It won’t be all that long before nanotechnology makes this sort of thing actually possible.  If your body gets completely run down, it’s possible that it could be extracted, placed in a vat, and then remotely wired up to a prosthetic body.  And when you start thinking about things like this, carefully analyzing it all, it only gets more and more confusing.  At the very start you see Professor Dennett staring at his brain saying, “Here I am, staring at my brain in a vat.”  Then he soon catches himself and thinks, “No, that’s not right.  Here I am?  Isn’t the real me in the vat?”
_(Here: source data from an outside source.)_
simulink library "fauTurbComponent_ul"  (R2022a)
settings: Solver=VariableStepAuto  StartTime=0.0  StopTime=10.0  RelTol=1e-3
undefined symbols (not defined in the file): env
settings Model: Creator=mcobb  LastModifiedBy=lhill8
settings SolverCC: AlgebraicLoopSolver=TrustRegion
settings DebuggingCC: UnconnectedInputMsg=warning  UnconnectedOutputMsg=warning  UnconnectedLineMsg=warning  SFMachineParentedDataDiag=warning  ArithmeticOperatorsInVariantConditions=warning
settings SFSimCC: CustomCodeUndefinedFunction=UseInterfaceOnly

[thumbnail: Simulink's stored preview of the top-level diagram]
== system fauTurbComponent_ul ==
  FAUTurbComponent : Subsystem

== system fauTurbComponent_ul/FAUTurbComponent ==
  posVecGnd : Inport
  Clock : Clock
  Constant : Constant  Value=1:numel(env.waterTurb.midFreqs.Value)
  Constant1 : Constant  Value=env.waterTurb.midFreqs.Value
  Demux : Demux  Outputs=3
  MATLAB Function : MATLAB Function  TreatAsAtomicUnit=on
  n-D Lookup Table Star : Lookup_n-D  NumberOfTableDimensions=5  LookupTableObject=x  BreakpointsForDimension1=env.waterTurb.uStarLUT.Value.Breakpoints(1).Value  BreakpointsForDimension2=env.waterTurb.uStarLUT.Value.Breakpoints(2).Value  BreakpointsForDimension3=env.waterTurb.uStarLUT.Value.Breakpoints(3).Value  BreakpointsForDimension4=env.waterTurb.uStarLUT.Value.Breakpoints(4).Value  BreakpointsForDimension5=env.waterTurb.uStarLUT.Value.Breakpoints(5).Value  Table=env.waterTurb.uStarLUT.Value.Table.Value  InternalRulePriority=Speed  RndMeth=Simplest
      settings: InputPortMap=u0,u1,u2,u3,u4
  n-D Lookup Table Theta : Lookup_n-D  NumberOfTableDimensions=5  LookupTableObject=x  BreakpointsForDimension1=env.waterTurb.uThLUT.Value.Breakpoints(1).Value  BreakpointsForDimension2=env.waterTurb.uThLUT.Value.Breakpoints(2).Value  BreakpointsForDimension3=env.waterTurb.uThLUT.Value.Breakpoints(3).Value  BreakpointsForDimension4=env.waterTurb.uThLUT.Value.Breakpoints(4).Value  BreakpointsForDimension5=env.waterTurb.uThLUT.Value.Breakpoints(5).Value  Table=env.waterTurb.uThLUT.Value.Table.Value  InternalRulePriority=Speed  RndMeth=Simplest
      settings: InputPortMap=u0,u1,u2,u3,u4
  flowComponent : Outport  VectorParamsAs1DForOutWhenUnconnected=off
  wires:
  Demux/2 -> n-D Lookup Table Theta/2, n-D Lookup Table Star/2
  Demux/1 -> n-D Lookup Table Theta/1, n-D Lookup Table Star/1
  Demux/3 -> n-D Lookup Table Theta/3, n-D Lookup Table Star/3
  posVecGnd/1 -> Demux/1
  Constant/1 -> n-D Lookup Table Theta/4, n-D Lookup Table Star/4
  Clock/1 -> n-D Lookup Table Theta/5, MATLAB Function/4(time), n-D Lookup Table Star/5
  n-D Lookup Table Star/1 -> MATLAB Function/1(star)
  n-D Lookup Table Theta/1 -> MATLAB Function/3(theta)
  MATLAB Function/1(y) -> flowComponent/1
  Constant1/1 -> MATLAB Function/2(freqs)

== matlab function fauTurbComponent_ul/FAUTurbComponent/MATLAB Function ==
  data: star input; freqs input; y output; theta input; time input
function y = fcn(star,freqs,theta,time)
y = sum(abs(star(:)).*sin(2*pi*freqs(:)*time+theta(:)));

I honestly think that humans will eventually shed their physical bodies in favor of remote controlled prosthetic bodies.  Not clunky looking cyborg bodies, but elegant bodies which are more beautiful and well constructed than our own.  Made of stronger materials, not needing all the burdensome upkeep, and much easier to repair if something goes wrong.  We’ll have mastered fusion power and have practically limitless energy.  We’ll erect giant super-computers which will simulate a virtual universe filled with all sorts of worlds in which we’ll stay “plugged into”.  Robotic sentinels powered by AI millions of times more intelligent than our own minds today will keep our brains functioning and when we wish to explore the real world, we’ll “possess” a robotic body and use it.  There won’t be a need to travel from point A to point B.  We’ll move as fast as our information technology.  I don’t think I’ll live long enough to see it (absent some huge breakthrough in medical technology allowing me to live for a very long time), but within a few hundred years things are rapidly moving that way.  It sounds like science fiction, but just study it out and look at the technology.  Something incredible is evolving here on planet Earth.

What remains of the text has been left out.